▶ Activity
Below are records; count the lines in them that hold "Autodesk" and give only the count.

(Stored items from a collection)
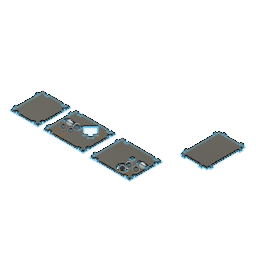
BoxForPunchy (Autodesk Fusion 360 design; units mm, degrees)
Autodesk Fusion 360 part; units mm, degrees
sketch "Sketch1" plane through (0, 0, 0) normal (0, 0, 1) x (1, 0, 0)
  line L0 (397.6682, 205.6704) -> (397.6682, 211.6704)
  line L1 (397.6682, 211.6704) -> (387.6682, 211.6704)
  line L2 (387.6682, 211.6704) -> (387.6682, 205.6704)
  line L3 (467.6682, 205.6704) -> (467.6682, 211.6704)
  line L4 (467.6682, 211.6704) -> (457.6682, 211.6704)
  line L5 (457.6682, 211.6704) -> (457.6682, 205.6704)
  line L6 (381.6682, 45.6704) -> (391.6682, 45.6704)
  line L7 (391.6682, 45.6704) -> (391.6682, 51.6704)
  line L8 (381.6682, 51.6704) -> (381.6682, 45.6704)
  line L9 (451.6682, 45.6704) -> (461.6682, 45.6704)
  line L10 (461.6682, 45.6704) -> (461.6682, 51.6704)
  line L11 (451.6682, 51.6704) -> (451.6682, 45.6704)
  line L12 (476.6682, 190.6704) -> (482.6682, 190.6704)
  line L13 (482.6682, 190.6704) -> (482.6682, 180.6704)
  line L14 (482.6682, 180.6704) -> (476.6682, 180.6704)
  line L15 (476.6682, 70.6704) -> (482.6682, 70.6704)
  line L16 (482.6682, 70.6704) -> (482.6682, 60.6704)
  line L17 (482.6682, 60.6704) -> (476.6682, 60.6704)
  line L18 (366.6682, 196.6704) -> (372.6682, 196.6704)
  line L19 (372.6682, 186.6704) -> (366.6682, 186.6704)
  line L20 (366.6682, 186.6704) -> (366.6682, 196.6704)
  line L21 (366.6682, 76.6704) -> (372.6682, 76.6704)
  line L22 (372.6682, 66.6704) -> (366.6682, 66.6704)
  line L23 (366.6682, 66.6704) -> (366.6682, 76.6704)
  line L24 (387.6682, 205.6704) -> (372.6682, 205.6704)
  line L25 (372.6682, 205.6704) -> (372.6682, 196.6704)
  line L26 (372.6682, 186.6704) -> (372.6682, 76.6704)
  line L27 (372.6682, 66.6704) -> (372.6682, 51.6704)
  line L28 (372.6682, 51.6704) -> (381.6682, 51.6704)
  line L29 (391.6682, 51.6704) -> (451.6682, 51.6704)
  line L30 (461.6682, 51.6704) -> (476.6682, 51.6704)
  line L31 (476.6682, 51.6704) -> (476.6682, 60.6704)
  line L32 (476.6682, 70.6704) -> (476.6682, 180.6704)
  line L33 (476.6682, 190.6704) -> (476.6682, 205.6704)
  line L34 (476.6682, 205.6704) -> (467.6682, 205.6704)
  line L35 (457.6682, 205.6704) -> (397.6682, 205.6704)
  line L36 (-132.3216, -142.5341) -> (-117.3216, -142.5341)
  line L37 (-138.3216, -37.5341) -> (-132.3216, -37.5341)
  line L38 (-138.3216, -127.5341) -> (-138.3216, -117.5341)
  line L39 (-47.3216, -12.5341) -> (-107.3216, -12.5341)
  line L40 (-37.3216, -12.5341) -> (-37.3216, -18.5341)
  line L41 (-47.3216, -18.5341) -> (-47.3216, -12.5341)
  line L42 (-107.3216, -18.5341) -> (-117.3216, -18.5341)
  line L43 (-22.3216, -142.5341) -> (-22.3216, -127.5341)
  line L44 (-117.3216, -12.5341) -> (-132.3216, -12.5341)
  line L45 (-22.3216, -117.5341) -> (-22.3216, -37.5341)
  line L46 (-132.3216, -12.5341) -> (-132.3216, -27.5341)
  line L47 (-37.3216, -142.5341) -> (-22.3216, -142.5341)
  line L48 (-28.3216, -37.5341) -> (-28.3216, -27.5341)
  line L49 (-117.3216, -18.5341) -> (-117.3216, -12.5341)
  line L50 (-28.3216, -117.5341) -> (-22.3216, -117.5341)
  line L51 (-132.3216, -27.5341) -> (-138.3216, -27.5341)
  line L52 (-22.3216, -27.5341) -> (-22.3216, -12.5341)
  line L53 (-107.3216, -12.5341) -> (-107.3216, -18.5341)
  line L54 (-132.3216, -37.5341) -> (-132.3216, -117.5341)
  line L55 (-37.3216, -136.5341) -> (-47.3216, -136.5341)
  line L56 (-107.3216, -136.5341) -> (-117.3216, -136.5341)
  line L57 (-37.3216, -18.5341) -> (-47.3216, -18.5341)
  line L58 (-22.3216, -37.5341) -> (-28.3216, -37.5341)
  line L59 (-132.3216, -127.5341) -> (-132.3216, -142.5341)
  line L60 (-138.3216, -27.5341) -> (-138.3216, -37.5341)
  line L61 (-47.3216, -136.5341) -> (-47.3216, -142.5341)
  line L62 (-28.3216, -27.5341) -> (-22.3216, -27.5341)
  line L63 (-117.3216, -136.5341) -> (-117.3216, -142.5341)
  line L64 (-132.3216, -127.5341) -> (-138.3216, -127.5341)
  line L65 (-107.3216, -142.5341) -> (-107.3216, -136.5341)
  line L66 (-28.3216, -127.5341) -> (-28.3216, -117.5341)
  line L67 (-22.3216, -12.5341) -> (-37.3216, -12.5341)
  line L68 (-22.3216, -127.5341) -> (-28.3216, -127.5341)
  line L69 (-138.3216, -117.5341) -> (-132.3216, -117.5341)
  line L70 (-37.3216, -142.5341) -> (-37.3216, -136.5341)
  line L71 (-107.3216, -142.5341) -> (-47.3216, -142.5341)
  line L72 (192.1859, -41.4802) -> (198.1859, -41.4802)
  line L73 (4.4052, -128.4307) -> (-1.5948, -128.4307)
  line L74 (198.1859, -31.4802) -> (192.1859, -31.4802)
  line L75 (139.4052, -137.4307) -> (139.4052, -143.4307)
  line L76 (223.1859, -16.4802) -> (223.1859, -22.4802)
  line L77 (149.4052, -143.4307) -> (149.4052, -137.4307)
  line L78 (213.1859, -16.4802) -> (198.1859, -16.4802)
  line L79 (19.4052, -137.4307) -> (19.4052, -143.4307)
  line L80 (4.4052, -28.4307) -> (-1.5948, -28.4307)
  line L81 (149.4052, -13.4307) -> (149.4052, -19.4307)
  line L82 (29.4052, -137.4307) -> (19.4052, -137.4307)
  line L83 (158.4052, -118.4307) -> (164.4052, -118.4307)
  line L84 (139.4052, -13.4307) -> (29.4052, -13.4307)
  line L85 (198.1859, -41.4802) -> (198.1859, -121.4802)
  line L86 (343.1859, -146.4802) -> (358.1859, -146.4802)
  line L87 (352.1859, -121.4802) -> (358.1859, -121.4802)
  line L88 (343.1859, -140.4802) -> (333.1859, -140.4802)
  line L89 (358.1859, -16.4802) -> (343.1859, -16.4802)
  line L90 (343.1859, -146.4802) -> (343.1859, -140.4802)
  line L91 (333.1859, -140.4802) -> (333.1859, -146.4802)
  line L92 (352.1859, -31.4802) -> (358.1859, -31.4802)
  line L93 (198.1859, -131.4802) -> (192.1859, -131.4802)
  line L94 (198.1859, -16.4802) -> (198.1859, -31.4802)
  line L95 (19.4052, -13.4307) -> (4.4052, -13.4307)
  line L96 (213.1859, -140.4802) -> (213.1859, -146.4802)
  line L97 (-1.5948, -28.4307) -> (-1.5948, -38.4307)
  line L98 (4.4052, -143.4307) -> (19.4052, -143.4307)
  line L99 (164.4052, -13.4307) -> (149.4052, -13.4307)
  line L100 (4.4052, -38.4307) -> (4.4052, -118.4307)
  line L101 (19.4052, -19.4307) -> (19.4052, -13.4307)
  line L102 (164.4052, -38.4307) -> (158.4052, -38.4307)
  line L103 (-1.5948, -128.4307) -> (-1.5948, -118.4307)
  line L104 (223.1859, -140.4802) -> (213.1859, -140.4802)
  line L105 (29.4052, -143.4307) -> (29.4052, -137.4307)
  line L106 (158.4052, -28.4307) -> (164.4052, -28.4307)
  line L107 (-1.5948, -118.4307) -> (4.4052, -118.4307)
  line L108 (149.4052, -19.4307) -> (139.4052, -19.4307)
  line L109 (-1.5948, -38.4307) -> (4.4052, -38.4307)
  line L110 (358.1859, -41.4802) -> (352.1859, -41.4802)
  line L111 (343.1859, -16.4802) -> (343.1859, -22.4802)
  line L112 (4.4052, -128.4307) -> (4.4052, -143.4307)
  line L113 (192.1859, -121.4802) -> (198.1859, -121.4802)
  line L114 (29.4052, -13.4307) -> (29.4052, -19.4307)
  line L115 (139.4052, -19.4307) -> (139.4052, -13.4307)
  line L116 (4.4052, -13.4307) -> (4.4052, -28.4307)
  line L117 (192.1859, -31.4802) -> (192.1859, -41.4802)
  line L118 (358.1859, -121.4802) -> (358.1859, -41.4802)
  line L119 (192.1859, -131.4802) -> (192.1859, -121.4802)
  line L120 (223.1859, -146.4802) -> (333.1859, -146.4802)
  line L121 (164.4052, -118.4307) -> (164.4052, -38.4307)
  line L122 (223.1859, -22.4802) -> (213.1859, -22.4802)
  line L123 (164.4052, -28.4307) -> (164.4052, -13.4307)
  line L124 (29.4052, -19.4307) -> (19.4052, -19.4307)
  line L125 (343.1859, -22.4802) -> (333.1859, -22.4802)
  line L126 (352.1859, -131.4802) -> (352.1859, -121.4802)
  line L127 (29.4052, -143.4307) -> (139.4052, -143.4307)
  line L128 (358.1859, -31.4802) -> (358.1859, -16.4802)
  line L129 (333.1859, -22.4802) -> (333.1859, -16.4802)
  line L130 (158.4052, -38.4307) -> (158.4052, -28.4307)
  line L131 (158.4052, -128.4307) -> (158.4052, -118.4307)
  line L132 (333.1859, -16.4802) -> (223.1859, -16.4802)
  line L133 (164.4052, -128.4307) -> (158.4052, -128.4307)
  line L134 (213.1859, -22.4802) -> (213.1859, -16.4802)
  line L135 (358.1859, -131.4802) -> (352.1859, -131.4802)
  line L136 (358.1859, -146.4802) -> (358.1859, -131.4802)
  line L137 (352.1859, -41.4802) -> (352.1859, -31.4802)
  line L138 (149.4052, -143.4307) -> (164.4052, -143.4307)
  line L139 (198.1859, -131.4802) -> (198.1859, -146.4802)
  line L140 (198.1859, -146.4802) -> (213.1859, -146.4802)
  line L141 (164.4052, -143.4307) -> (164.4052, -128.4307)
  line L142 (223.1859, -146.4802) -> (223.1859, -140.4802)
  line L143 (149.4052, -137.4307) -> (139.4052, -137.4307)
  line L144 (302.1859, -146.4802) -> (302.1859, -120.4802) construction
  circle A0 centre (302.1859, -120.4802) radius 17.5
  line L145 (302.1859, -146.4802) -> (302.1859, -93.8802) construction
  circle A1 centre (302.1859, -93.8802) radius 2.5
  line L146 (60.4052, -143.4307) -> (60.4052, -90.8307) construction
  circle A2 centre (60.4052, -90.8307) radius 2.5
  line L147 (332.1859, -146.4802) -> (332.1859, -94.4802) construction
  circle A3 centre (332.1859, -94.4802) radius 2.05
  circle A4 centre (30.4052, -91.4307) radius 2.05
  line L148 (30.4052, -143.4307) -> (30.4052, -91.4307) construction
  line L149 (74.1285, -52.7836) -> (104.0391, -22.8729)
  line L150 (104.0391, -22.8729) -> (133.9497, -52.7836)
  line L151 (104.0391, -82.6942) -> (74.1285, -52.7836)
  line L152 (124.6513, -62.082) -> (133.8436, -71.2744)
  line L153 (133.8436, -71.2744) -> (122.5299, -82.5881)
  line L154 (122.5299, -82.5881) -> (113.3375, -73.3957)
  line L155 (164.4052, -54.4307) -> (134.4052, -54.4307) construction
  line L156 (134.4052, -19.4307) -> (134.4052, -54.4307) construction
  line L157 (332.1859, -94.4802) -> (358.1859, -94.4802) construction
  line L158 (30.4052, -91.4307) -> (4.4052, -91.4307) construction
  line L159 (30.4052, -65.6935) -> (60.4052, -65.6935) construction
  line L160 (30.4052, -91.4307) -> (30.4052, -65.4307) construction
  circle A5 centre (60.4052, -65.6935) radius 2.5
  line L161 (133.9497, -52.7836) -> (124.6513, -62.082)
  line L162 (113.3375, -73.3957) -> (104.0391, -82.6942)
  line L163 (30.4052, -133.2522) -> (60.4052, -133.2522) construction
  line L164 (302.1859, -133.9917) -> (332.1859, -133.9917) construction
  line L165 (13.6269, -70.0961) -> (48.6269, -70.0961)
  line L166 (48.6269, -70.0961) -> (48.6269, -60.0961)
  line L167 (48.6269, -60.0961) -> (13.6269, -60.0961)
  line L168 (13.6269, -60.0961) -> (13.6269, -70.0961)
  line L169 (66.4175, -60.1949) -> (76.4175, -60.1949)
  line L170 (76.4175, -60.1949) -> (76.4175, -70.1949)
  line L171 (76.4175, -70.1949) -> (66.4175, -70.1949)
  line L172 (66.4175, -70.1949) -> (66.4175, -60.1949)
  line L173 (332.1859, -94.4802) -> (332.1859, -68.4802) construction
  line L174 (314.7934, -62.0421) -> (349.7934, -62.0421)
  line L175 (349.7934, -62.0421) -> (349.7934, -72.0421)
  line L176 (349.7934, -72.0421) -> (314.7934, -72.0421)
  line L177 (314.7934, -72.0421) -> (314.7934, -62.0421)
  line L178 (284.9855, -62.3266) -> (294.9855, -62.3266)
  line L179 (294.9855, -62.3266) -> (294.9855, -72.3266)
  line L180 (294.9855, -72.3266) -> (284.9855, -72.3266)
  line L181 (284.9855, -72.3266) -> (284.9855, -62.3266)
  dimension "d125" = 104
  dimension "d126" = 154
  dimension "d127" = 10
  dimension "d129" = 10
  dimension "d130" = 6
  dimension "d131" = 10
  dimension "d133" = 10
  dimension "d134" = 6
  dimension "d135" = 6
  dimension "d136" = 10
  dimension "d137" = 6
  dimension "d138" = 10
  dimension "d139" = 6
  dimension "d140" = 10
  dimension "d141" = 6
  dimension "d142" = 10
  dimension "d151" = 110
  dimension "d152" = 130
  dimension "d153" = 10
  dimension "d154" = 6
  dimension "d155" = 15
  dimension "d156" = 10
  dimension "d157" = 6
  dimension "d158" = 15
  dimension "d159" = 10
  dimension "d160" = 6
  dimension "d161" = 10
  dimension "d162" = 6
  dimension "d163" = 15
  dimension "d164" = 15
  dimension "d165" = 6
  dimension "d166" = 10
  dimension "d167" = 6
  dimension "d168" = 10
  dimension "d169" = 6
  dimension "d170" = 10
  dimension "d171" = 6
  dimension "d172" = 10
  dimension "d173" = 15
  dimension "d174" = 15
  dimension "d175" = 15
  dimension "d176" = 15
  dimension "d177" = 160
  dimension "d178" = 130
  dimension "d179" = 10
  dimension "d180" = 6
  dimension "d181" = 15
  dimension "d182" = 10
  dimension "d183" = 6
  dimension "d184" = 15
  dimension "d185" = 10
  dimension "d186" = 6
  dimension "d187" = 10
  dimension "d188" = 6
  dimension "d189" = 15
  dimension "d190" = 15
  dimension "d191" = 6
  dimension "d192" = 10
  dimension "d193" = 6
  dimension "d194" = 10
  dimension "d195" = 6
  dimension "d196" = 10
  dimension "d197" = 6
  dimension "d198" = 10
  dimension "d199" = 15
  dimension "d200" = 15
  dimension "d201" = 15
  dimension "d202" = 15
  dimension "d203" = 160
  dimension "d204" = 130
  dimension "d205" = 10
  dimension "d206" = 6
  dimension "d207" = 15
  dimension "d208" = 10
  dimension "d209" = 6
  dimension "d210" = 15
  dimension "d211" = 10
  dimension "d212" = 6
  dimension "d213" = 10
  dimension "d214" = 6
  dimension "d215" = 15
  dimension "d216" = 15
  dimension "d217" = 6
  dimension "d218" = 10
  dimension "d219" = 6
  dimension "d220" = 10
  dimension "d221" = 6
  dimension "d222" = 10
  dimension "d223" = 6
  dimension "d224" = 10
  dimension "d225" = 15
  dimension "d226" = 15
  dimension "d227" = 15
  dimension "d228" = 15
  dimension "d229" = 26
  dimension "d230" = 35
  dimension "d233" = 60
  dimension "d234" = 110
  dimension "d235" = 60
  dimension "d236" = 110
  dimension "d237" = 6
  dimension "d238" = 15
  dimension "d239" = 15
  dimension "d240" = 15
  dimension "d241" = 15
  dimension "d244" = 6
  dimension "d245" = 52.6
  dimension "d246" = 5
  dimension "d247" = 52.6
  dimension "d248" = 5
  dimension "d249" = 52
  dimension "d251" = 4.1
  dimension "d252" = 52
  dimension "d254" = 4.1
  dimension "d265" = 42.3
  dimension "d266" = 42.3
  dimension "d267" = 16
  dimension "d268" = 13
  dimension "d269" = 30
  dimension "d270" = 35
  dimension "d271" = 26
  dimension "d272" = 26
  dimension "d273" = 30
  dimension "d274" = 26
  dimension "d275" = 5
  dimension "d282" = 30
  dimension "d283" = 30
  dimension "d284" = 35
  dimension "d285" = 10
  dimension "d286" = 10
  dimension "d287" = 10
  dimension "d288" = 26
  dimension "d289" = 35
  dimension "d290" = 10
  dimension "d291" = 10
  dimension "d292" = 10
  constraint horizontal L28
  constraint vertical L31
  constraint horizontal L34
  constraint vertical L25
  constraint vertical L0
  constraint horizontal L1
  constraint vertical L2
  constraint vertical L3
  constraint horizontal L4
  constraint vertical L5
  constraint horizontal L6
  constraint vertical L7
  constraint vertical L8
  constraint horizontal L9
  constraint vertical L10
  constraint vertical L11
  constraint horizontal L12
  constraint vertical L13
  constraint horizontal L14
  constraint horizontal L15
  constraint vertical L16
  constraint horizontal L17
  constraint horizontal L18
  constraint horizontal L19
  constraint vertical L20
  constraint horizontal L21
  constraint horizontal L22
  constraint vertical L23
  constraint coincident L2.end L34
  constraint coincident L5.end L34
  constraint coincident L12.start L31
  constraint coincident L15.start L31
  constraint coincident L21.end L25
  constraint coincident L10.end L28
  constraint coincident L7.end L28
  constraint collinear L24 L34
  constraint collinear L25 L26
  constraint collinear L26 L27
  constraint collinear L28 L29
  constraint collinear L29 L30
  constraint collinear L31 L32
  constraint collinear L32 L33
  constraint collinear L34 L35
  constraint horizontal L36
  constraint vertical L43
  constraint horizontal L67
  constraint vertical L46
  constraint vertical L53
  constraint horizontal L42
  constraint vertical L49
  constraint coincident L44.start L67
  constraint collinear L44 L67
  constraint vertical L40
  constraint horizontal L57
  constraint vertical L41
  constraint coincident L39.start L67
  constraint collinear L39 L67
  constraint vertical L65
  constraint horizontal L56
  constraint vertical L63
  constraint vertical L70
  constraint horizontal L55
  constraint vertical L61
  constraint coincident L47.start L36
  constraint collinear L36 L71
  constraint collinear L47 L71
  constraint horizontal L51
  constraint vertical L60
  constraint horizontal L37
  constraint horizontal L69
  constraint horizontal L64
  constraint vertical L38
  constraint horizontal L62
  constraint horizontal L58
  constraint vertical L48
  constraint horizontal L50
  constraint horizontal L68
  constraint vertical L66
  constraint coincident L54.end L46
  constraint coincident L52.start L43
  constraint coincident L45.start L43
  constraint collinear L46 L54
  constraint collinear L54 L59
  constraint collinear L43 L45
  constraint collinear L45 L52
  constraint horizontal L98
  constraint vertical L141
  constraint horizontal L99
  constraint vertical L116
  constraint vertical L114
  constraint horizontal L124
  constraint vertical L101
  constraint coincident L95.start L99
  constraint collinear L95 L99
  constraint vertical L81
  constraint horizontal L108
  constraint vertical L115
  constraint coincident L84.start L99
  constraint collinear L84 L99
  constraint vertical L105
  constraint horizontal L82
  constraint vertical L79
  constraint vertical L77
  constraint horizontal L143
  constraint vertical L75
  constraint coincident L77.start L98
  constraint collinear L98 L127
  constraint collinear L127 L138
  constraint horizontal L80
  constraint vertical L97
  constraint horizontal L109
  constraint horizontal L107
  constraint horizontal L73
  constraint vertical L103
  constraint horizontal L106
  constraint horizontal L102
  constraint vertical L130
  constraint horizontal L83
  constraint horizontal L133
  constraint vertical L131
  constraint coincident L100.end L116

▶ Your response
2